Which is a systemic failure of society mirrored at the family level. Politics is personal. Societies that can’t grieve create populations incapable of grieving. Leading to abuse and war.
Everything is connected and an incapacity to grieve starts from the top down and infects us all. Communities that can’t grieve get trapped in unprocessed grief they then pass onto their children. And the children of others.
I feel like I’m writing a bit in circles, apologies. I find this happens when everything feels connected in my mind. So often, everything feels connected in my mind. Explaining succinctly how to those outside my mind is the challenge.
Thank you, dear readers. I know grief is not everyone’s favorite subject. It makes me even more grateful to those who choose to read my words on it. I am continually amazed to have new people sign up to receive my words every week. On grief?!
TL;DR
I’m not sure I even wrote about any specific grief today.
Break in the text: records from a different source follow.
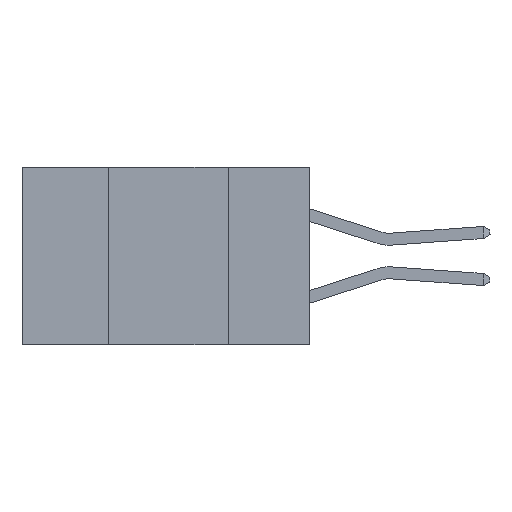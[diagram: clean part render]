
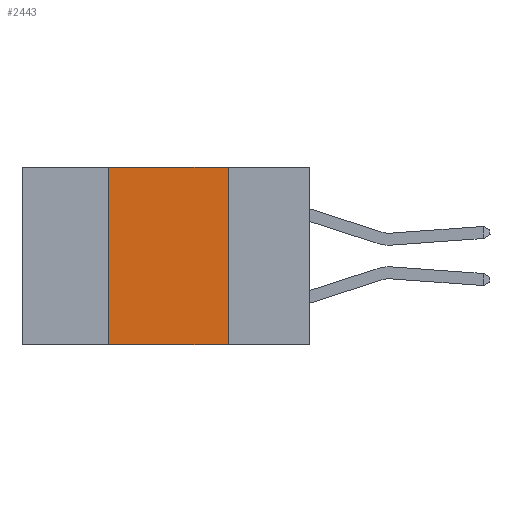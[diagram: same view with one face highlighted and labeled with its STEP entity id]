
A CAD part, left-side view. The second image highlights one B-rep face of the part: STEP entity #2443.
In plain terms, the highlighted planar face has unit normal (-1, 0, 0).
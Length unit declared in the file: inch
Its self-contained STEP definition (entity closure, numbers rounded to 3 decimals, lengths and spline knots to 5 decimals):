
#773 = AXIS2_PLACEMENT_3D ( 'NONE', #8402, #9280, #1180 ) ;
#1180 = DIRECTION ( 'NONE',  ( 0., 0., -1. ) ) ;
#1448 = EDGE_CURVE ( 'NONE', #11548, #8302, #9011, .T. ) ;
#2247 = ORIENTED_EDGE ( 'NONE', *, *, #9435, .F. ) ;
#2373 = ORIENTED_EDGE ( 'NONE', *, *, #10368, .F. ) ;
#2443 = ADVANCED_FACE ( 'NONE', ( #3120 ), #7247, .F. ) ;
#2521 = DIRECTION ( 'NONE',  ( 0., 0., 1. ) ) ;
#3120 = FACE_OUTER_BOUND ( 'NONE', #11360, .T. ) ;
#3586 = VECTOR ( 'NONE', #12138, 39.37008 ) ;
#4204 = LINE ( 'NONE', #10278, #9896 ) ;
#4643 = VERTEX_POINT ( 'NONE', #4987 ) ;
#4974 = EDGE_CURVE ( 'NONE', #11548, #6162, #6574, .T. ) ;
#4987 = CARTESIAN_POINT ( 'NONE',  ( 0., 0.17, 0. ) ) ;
#5178 = CARTESIAN_POINT ( 'NONE',  ( 0., 0.42, -0.37 ) ) ;
#5301 = LINE ( 'NONE', #7387, #7743 ) ;
#5367 = DIRECTION ( 'NONE',  ( 0., -1., 0. ) ) ;
#6162 = VERTEX_POINT ( 'NONE', #11554 ) ;
#6225 = DIRECTION ( 'NONE',  ( 0., 0., -1. ) ) ;
#6574 = LINE ( 'NONE', #8883, #11811 ) ;
#6811 = ORIENTED_EDGE ( 'NONE', *, *, #1448, .T. ) ;
#7247 = PLANE ( 'NONE',  #773 ) ;
#7387 = CARTESIAN_POINT ( 'NONE',  ( 0., 0.6, 0. ) ) ;
#7743 = VECTOR ( 'NONE', #5367, 39.37008 ) ;
#8302 = VERTEX_POINT ( 'NONE', #10230 ) ;
#8402 = CARTESIAN_POINT ( 'NONE',  ( 0., 0.6, 0. ) ) ;
#8740 = ORIENTED_EDGE ( 'NONE', *, *, #4974, .F. ) ;
#8883 = CARTESIAN_POINT ( 'NONE',  ( 0., 0.42, -0.37 ) ) ;
#9011 = LINE ( 'NONE', #13300, #3586 ) ;
#9280 = DIRECTION ( 'NONE',  ( 1., 0., 0. ) ) ;
#9435 = EDGE_CURVE ( 'NONE', #4643, #8302, #4204, .T. ) ;
#9896 = VECTOR ( 'NONE', #6225, 39.37008 ) ;
#10230 = CARTESIAN_POINT ( 'NONE',  ( 0., 0.17, -0.37 ) ) ;
#10278 = CARTESIAN_POINT ( 'NONE',  ( 0., 0.17, -0.37 ) ) ;
#10368 = EDGE_CURVE ( 'NONE', #6162, #4643, #5301, .T. ) ;
#11360 = EDGE_LOOP ( 'NONE', ( #2247, #2373, #8740, #6811 ) ) ;
#11548 = VERTEX_POINT ( 'NONE', #5178 ) ;
#11554 = CARTESIAN_POINT ( 'NONE',  ( 0., 0.42, 0. ) ) ;
#11811 = VECTOR ( 'NONE', #2521, 39.37008 ) ;
#12138 = DIRECTION ( 'NONE',  ( 0., -1., 0. ) ) ;
#13300 = CARTESIAN_POINT ( 'NONE',  ( 0., 0.6, -0.37 ) ) ;

Just the top-down impact of living in societies that shame and shun grief and how many of us grew up with parents who struggled to face grief at the societal or personal level or both. Leaving us with extra grief to process. Which can threaten overwhelm if we’re not careful. Also, grief is better felt in community.
Grieving is like walking in chilly rain with weight. You don’t necessarily love it while you’re in it, but it makes you stronger, you survive it, and you feel relief after.
Writes the girl who made it home to cats and quilts and cups of tea and does indeed feel relief having faced some grief even if it was in looping abstract ways that are perhaps only connected in my mind.
Those who dissuade you from feeling grief leave out this key part: It leads to gratitude.